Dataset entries

----------------------------------------

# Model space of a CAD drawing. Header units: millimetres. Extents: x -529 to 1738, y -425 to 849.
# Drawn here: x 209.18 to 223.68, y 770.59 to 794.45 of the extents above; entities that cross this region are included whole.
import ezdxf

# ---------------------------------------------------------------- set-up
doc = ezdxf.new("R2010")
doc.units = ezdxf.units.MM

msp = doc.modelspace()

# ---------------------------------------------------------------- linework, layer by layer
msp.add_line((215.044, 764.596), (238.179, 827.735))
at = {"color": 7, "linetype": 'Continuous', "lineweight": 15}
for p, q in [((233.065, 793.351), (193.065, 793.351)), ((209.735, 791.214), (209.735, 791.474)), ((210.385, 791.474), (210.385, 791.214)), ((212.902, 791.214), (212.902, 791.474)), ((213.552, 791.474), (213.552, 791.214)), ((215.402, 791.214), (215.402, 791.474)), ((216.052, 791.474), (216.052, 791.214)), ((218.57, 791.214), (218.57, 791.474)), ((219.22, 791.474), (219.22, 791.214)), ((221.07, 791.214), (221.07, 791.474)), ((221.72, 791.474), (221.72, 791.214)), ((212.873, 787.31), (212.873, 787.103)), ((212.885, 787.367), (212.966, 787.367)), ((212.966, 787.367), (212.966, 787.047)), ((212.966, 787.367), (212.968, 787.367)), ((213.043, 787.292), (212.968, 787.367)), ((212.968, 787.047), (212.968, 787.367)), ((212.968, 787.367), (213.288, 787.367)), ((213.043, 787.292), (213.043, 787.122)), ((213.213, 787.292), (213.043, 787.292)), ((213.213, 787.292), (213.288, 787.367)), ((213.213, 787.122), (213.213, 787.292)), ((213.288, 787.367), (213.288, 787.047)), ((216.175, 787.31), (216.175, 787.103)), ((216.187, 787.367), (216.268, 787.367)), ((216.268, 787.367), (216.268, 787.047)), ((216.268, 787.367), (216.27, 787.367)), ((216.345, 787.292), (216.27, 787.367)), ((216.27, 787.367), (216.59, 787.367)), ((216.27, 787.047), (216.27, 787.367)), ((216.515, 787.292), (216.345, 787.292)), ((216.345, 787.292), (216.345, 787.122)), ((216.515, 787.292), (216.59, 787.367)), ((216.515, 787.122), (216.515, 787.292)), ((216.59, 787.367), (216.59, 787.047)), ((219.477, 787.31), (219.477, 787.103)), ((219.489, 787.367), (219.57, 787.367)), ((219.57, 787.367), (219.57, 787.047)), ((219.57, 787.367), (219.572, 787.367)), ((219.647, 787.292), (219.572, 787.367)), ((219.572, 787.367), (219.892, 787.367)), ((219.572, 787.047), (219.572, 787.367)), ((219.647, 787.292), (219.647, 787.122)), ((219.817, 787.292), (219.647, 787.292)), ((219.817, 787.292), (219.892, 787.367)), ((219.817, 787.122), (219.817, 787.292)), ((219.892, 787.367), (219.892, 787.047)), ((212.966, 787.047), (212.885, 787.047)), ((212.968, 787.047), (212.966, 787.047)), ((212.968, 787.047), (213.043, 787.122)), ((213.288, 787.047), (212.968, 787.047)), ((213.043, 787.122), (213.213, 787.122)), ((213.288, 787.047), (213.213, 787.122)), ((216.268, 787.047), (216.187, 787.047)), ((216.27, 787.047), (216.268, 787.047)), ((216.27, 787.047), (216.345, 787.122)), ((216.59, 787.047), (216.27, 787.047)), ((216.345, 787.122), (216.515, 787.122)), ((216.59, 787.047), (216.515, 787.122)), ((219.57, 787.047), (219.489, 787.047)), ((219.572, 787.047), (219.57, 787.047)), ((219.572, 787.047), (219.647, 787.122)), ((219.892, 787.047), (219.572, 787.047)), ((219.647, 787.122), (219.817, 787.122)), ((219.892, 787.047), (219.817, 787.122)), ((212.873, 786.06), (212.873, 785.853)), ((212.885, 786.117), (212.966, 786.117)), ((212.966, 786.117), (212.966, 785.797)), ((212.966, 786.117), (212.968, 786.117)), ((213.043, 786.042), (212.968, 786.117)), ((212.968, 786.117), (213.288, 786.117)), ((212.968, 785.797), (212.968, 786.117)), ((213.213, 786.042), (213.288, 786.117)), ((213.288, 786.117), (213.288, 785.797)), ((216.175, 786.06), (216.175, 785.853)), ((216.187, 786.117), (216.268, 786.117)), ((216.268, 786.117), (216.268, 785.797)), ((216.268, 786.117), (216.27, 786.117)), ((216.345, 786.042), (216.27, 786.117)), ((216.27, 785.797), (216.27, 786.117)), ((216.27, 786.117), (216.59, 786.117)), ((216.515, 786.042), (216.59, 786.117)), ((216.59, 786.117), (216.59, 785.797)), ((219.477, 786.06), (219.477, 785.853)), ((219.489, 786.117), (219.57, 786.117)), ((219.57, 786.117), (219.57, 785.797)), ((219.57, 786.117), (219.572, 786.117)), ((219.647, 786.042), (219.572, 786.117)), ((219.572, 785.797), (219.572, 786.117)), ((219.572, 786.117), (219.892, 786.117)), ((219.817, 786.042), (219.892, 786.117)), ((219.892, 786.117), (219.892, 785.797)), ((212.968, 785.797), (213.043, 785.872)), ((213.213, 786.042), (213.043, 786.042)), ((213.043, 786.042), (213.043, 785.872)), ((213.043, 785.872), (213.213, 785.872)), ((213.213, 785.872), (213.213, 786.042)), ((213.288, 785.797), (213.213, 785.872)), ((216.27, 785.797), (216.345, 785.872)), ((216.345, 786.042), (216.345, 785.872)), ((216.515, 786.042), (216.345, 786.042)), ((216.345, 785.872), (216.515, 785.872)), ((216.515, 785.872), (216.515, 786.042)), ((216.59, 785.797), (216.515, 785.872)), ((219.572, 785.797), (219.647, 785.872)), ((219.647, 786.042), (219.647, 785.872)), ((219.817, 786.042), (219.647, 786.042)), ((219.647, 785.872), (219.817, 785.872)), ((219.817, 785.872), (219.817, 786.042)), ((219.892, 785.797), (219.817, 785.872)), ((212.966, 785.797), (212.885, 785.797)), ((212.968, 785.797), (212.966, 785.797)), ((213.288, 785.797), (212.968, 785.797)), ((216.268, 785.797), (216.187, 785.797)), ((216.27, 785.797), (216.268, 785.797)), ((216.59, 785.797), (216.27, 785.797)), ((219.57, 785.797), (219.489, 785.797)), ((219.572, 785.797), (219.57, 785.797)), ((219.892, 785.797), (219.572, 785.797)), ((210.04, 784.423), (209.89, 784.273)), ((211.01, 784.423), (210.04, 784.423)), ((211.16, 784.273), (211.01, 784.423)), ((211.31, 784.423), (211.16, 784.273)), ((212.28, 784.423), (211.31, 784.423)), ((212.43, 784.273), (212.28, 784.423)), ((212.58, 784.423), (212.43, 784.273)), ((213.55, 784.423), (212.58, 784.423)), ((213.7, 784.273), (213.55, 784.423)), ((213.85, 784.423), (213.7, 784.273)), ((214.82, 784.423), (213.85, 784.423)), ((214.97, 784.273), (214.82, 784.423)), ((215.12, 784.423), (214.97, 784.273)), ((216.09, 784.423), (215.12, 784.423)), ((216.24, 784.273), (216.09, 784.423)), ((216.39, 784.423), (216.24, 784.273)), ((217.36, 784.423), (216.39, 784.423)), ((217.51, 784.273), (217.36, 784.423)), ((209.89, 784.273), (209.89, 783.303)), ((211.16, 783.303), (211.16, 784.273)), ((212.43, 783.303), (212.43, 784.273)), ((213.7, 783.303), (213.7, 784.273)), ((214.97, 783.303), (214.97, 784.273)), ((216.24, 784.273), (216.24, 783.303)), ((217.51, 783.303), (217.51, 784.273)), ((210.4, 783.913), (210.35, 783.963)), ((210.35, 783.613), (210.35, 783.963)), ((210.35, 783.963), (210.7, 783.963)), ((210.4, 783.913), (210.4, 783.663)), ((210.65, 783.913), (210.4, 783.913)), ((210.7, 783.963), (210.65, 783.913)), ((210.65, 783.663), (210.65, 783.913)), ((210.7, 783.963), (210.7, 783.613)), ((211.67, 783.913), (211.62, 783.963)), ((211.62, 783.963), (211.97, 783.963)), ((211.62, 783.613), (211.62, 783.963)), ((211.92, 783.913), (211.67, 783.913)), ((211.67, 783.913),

----------------------------------------

Each line of the data that has the string "units" should be returned.

- TASK OUTPUT
# Model space of a CAD drawing. Header units: millimetres. Extents: x -529 to 1738, y -425 to 849.
doc.units = ezdxf.units.MM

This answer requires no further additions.